[RECORDS FOR THE TASK — start]
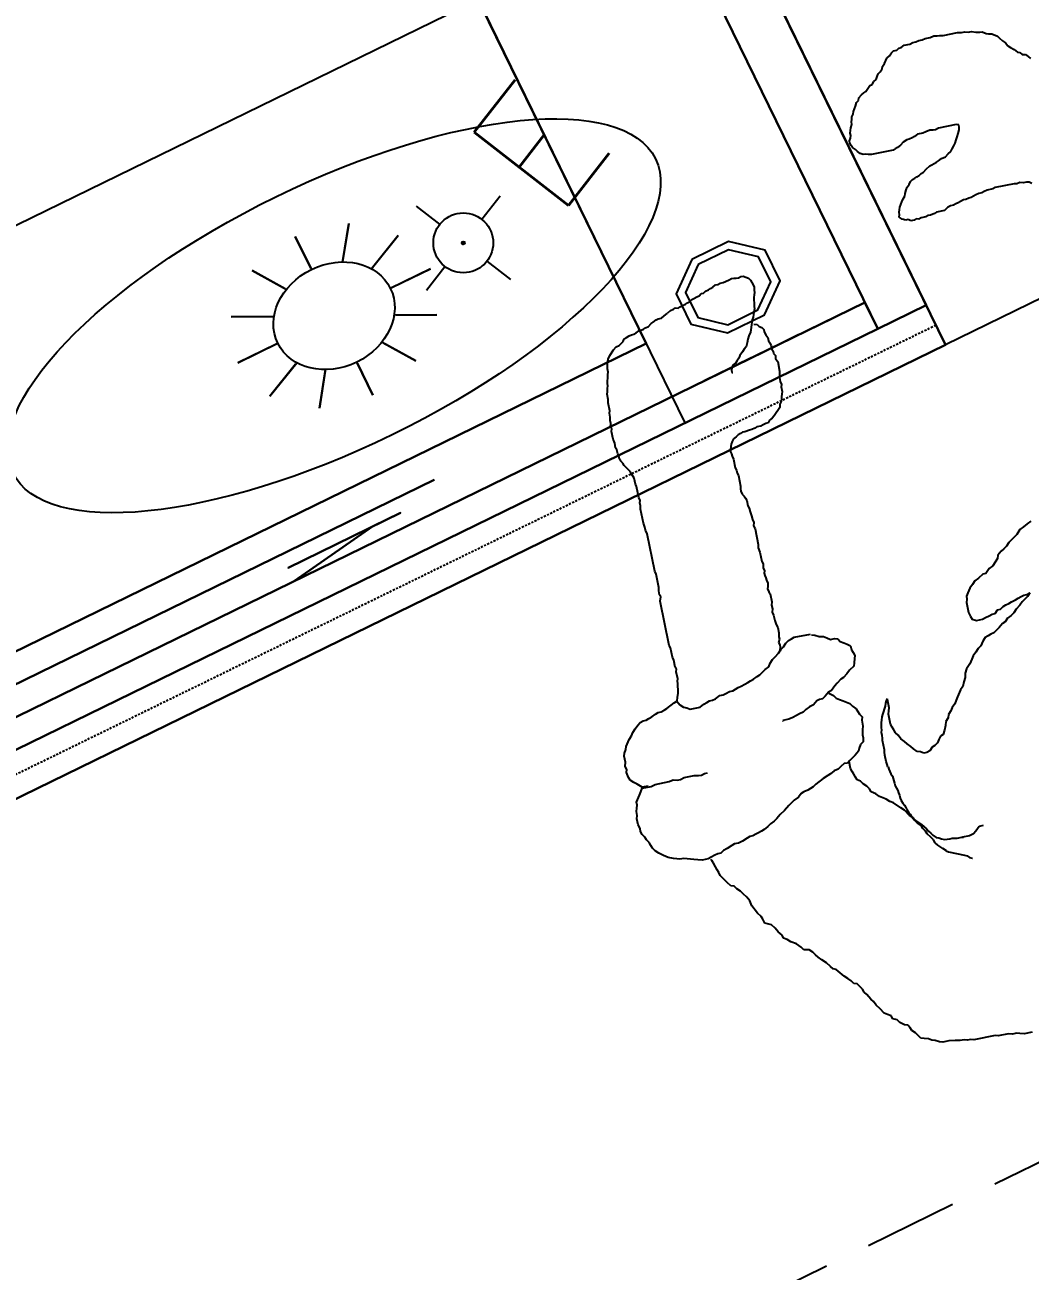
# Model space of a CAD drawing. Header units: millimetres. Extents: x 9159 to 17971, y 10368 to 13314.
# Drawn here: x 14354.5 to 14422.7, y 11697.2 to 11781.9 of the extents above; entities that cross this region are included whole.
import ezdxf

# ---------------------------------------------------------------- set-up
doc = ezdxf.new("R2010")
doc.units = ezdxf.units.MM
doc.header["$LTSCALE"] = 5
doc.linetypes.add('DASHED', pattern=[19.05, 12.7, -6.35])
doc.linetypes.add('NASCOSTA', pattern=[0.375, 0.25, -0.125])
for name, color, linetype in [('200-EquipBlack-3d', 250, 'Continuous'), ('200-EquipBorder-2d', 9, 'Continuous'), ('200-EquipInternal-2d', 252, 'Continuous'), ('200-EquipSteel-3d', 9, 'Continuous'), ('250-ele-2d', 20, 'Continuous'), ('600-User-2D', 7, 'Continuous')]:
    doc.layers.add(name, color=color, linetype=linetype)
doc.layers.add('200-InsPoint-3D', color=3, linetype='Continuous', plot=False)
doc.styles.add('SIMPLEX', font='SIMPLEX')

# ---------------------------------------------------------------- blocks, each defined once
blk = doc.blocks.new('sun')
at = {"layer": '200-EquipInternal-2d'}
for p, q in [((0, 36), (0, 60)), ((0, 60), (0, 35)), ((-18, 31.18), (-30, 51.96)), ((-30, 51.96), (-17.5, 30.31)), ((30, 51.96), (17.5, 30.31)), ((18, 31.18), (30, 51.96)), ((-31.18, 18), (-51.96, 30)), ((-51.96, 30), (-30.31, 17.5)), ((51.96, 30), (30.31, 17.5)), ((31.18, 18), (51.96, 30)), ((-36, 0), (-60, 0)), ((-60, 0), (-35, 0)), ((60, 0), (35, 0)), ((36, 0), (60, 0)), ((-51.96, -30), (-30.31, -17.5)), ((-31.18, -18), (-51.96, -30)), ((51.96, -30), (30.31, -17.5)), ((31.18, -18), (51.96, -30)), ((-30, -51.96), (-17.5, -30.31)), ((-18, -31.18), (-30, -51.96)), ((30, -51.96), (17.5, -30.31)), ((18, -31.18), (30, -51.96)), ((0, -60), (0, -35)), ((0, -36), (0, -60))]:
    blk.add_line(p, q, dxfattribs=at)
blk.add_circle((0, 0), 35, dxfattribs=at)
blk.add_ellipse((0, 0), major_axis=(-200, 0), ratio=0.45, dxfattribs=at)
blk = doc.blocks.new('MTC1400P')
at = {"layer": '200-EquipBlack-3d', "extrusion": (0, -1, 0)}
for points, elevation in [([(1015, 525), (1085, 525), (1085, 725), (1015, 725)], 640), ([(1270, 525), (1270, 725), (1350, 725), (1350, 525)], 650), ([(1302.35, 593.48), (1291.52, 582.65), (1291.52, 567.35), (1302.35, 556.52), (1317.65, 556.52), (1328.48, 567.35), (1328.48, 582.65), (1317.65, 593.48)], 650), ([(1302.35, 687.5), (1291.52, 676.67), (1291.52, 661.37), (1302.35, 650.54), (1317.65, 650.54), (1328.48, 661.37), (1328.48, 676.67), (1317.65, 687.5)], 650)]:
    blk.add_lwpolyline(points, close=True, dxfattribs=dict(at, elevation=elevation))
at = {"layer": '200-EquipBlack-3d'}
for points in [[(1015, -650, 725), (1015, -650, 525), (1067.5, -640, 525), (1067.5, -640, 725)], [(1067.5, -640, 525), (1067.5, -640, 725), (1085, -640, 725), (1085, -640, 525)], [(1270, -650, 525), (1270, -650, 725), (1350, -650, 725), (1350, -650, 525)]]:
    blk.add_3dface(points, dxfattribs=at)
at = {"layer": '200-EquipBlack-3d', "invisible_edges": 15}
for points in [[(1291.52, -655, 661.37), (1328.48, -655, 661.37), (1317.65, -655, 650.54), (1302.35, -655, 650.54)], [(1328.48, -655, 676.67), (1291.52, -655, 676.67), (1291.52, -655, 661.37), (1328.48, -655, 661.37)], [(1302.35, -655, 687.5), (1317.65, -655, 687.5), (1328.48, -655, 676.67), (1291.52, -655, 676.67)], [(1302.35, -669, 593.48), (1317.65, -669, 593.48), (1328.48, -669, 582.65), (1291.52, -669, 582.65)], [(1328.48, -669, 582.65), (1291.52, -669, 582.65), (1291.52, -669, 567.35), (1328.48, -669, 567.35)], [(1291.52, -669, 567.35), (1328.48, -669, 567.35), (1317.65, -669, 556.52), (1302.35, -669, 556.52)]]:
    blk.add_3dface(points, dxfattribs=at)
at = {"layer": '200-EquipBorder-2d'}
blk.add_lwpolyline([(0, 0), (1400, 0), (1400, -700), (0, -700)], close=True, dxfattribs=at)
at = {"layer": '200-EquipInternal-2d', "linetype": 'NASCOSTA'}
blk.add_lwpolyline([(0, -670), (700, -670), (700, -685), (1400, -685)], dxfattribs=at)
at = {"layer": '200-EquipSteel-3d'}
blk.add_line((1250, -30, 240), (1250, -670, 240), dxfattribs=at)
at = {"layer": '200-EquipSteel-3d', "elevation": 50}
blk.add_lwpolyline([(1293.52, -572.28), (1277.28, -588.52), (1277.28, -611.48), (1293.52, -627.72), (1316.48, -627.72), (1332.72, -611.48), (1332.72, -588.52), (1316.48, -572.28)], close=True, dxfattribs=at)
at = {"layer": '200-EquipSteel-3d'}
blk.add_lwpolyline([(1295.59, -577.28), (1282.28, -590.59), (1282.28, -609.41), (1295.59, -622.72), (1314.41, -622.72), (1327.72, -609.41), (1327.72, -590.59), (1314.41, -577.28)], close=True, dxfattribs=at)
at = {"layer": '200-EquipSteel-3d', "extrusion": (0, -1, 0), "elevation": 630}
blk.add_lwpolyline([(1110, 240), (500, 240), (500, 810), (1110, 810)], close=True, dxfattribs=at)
[RECORDS FOR THE TASK — finish]
### TRY IT
Repeat only the stretch of lines that opens with the line containing "(1400, -685)], dxfattribs=at)" and closes with the final line of the entries, both included, exactly as written.

### RESPONSE TO THIS TASK
blk.add_lwpolyline([(0, -670), (700, -670), (700, -685), (1400, -685)], dxfattribs=at)
at = {"layer": '200-EquipSteel-3d'}
blk.add_line((1250, -30, 240), (1250, -670, 240), dxfattribs=at)
at = {"layer": '200-EquipSteel-3d', "elevation": 50}
blk.add_lwpolyline([(1293.52, -572.28), (1277.28, -588.52), (1277.28, -611.48), (1293.52, -627.72), (1316.48, -627.72), (1332.72, -611.48), (1332.72, -588.52), (1316.48, -572.28)], close=True, dxfattribs=at)
at = {"layer": '200-EquipSteel-3d'}
blk.add_lwpolyline([(1295.59, -577.28), (1282.28, -590.59), (1282.28, -609.41), (1295.59, -622.72), (1314.41, -622.72), (1327.72, -609.41), (1327.72, -590.59), (1314.41, -577.28)], close=True, dxfattribs=at)
at = {"layer": '200-EquipSteel-3d', "extrusion": (0, -1, 0), "elevation": 630}
blk.add_lwpolyline([(1110, 240), (500, 240), (500, 810), (1110, 810)], close=True, dxfattribs=at)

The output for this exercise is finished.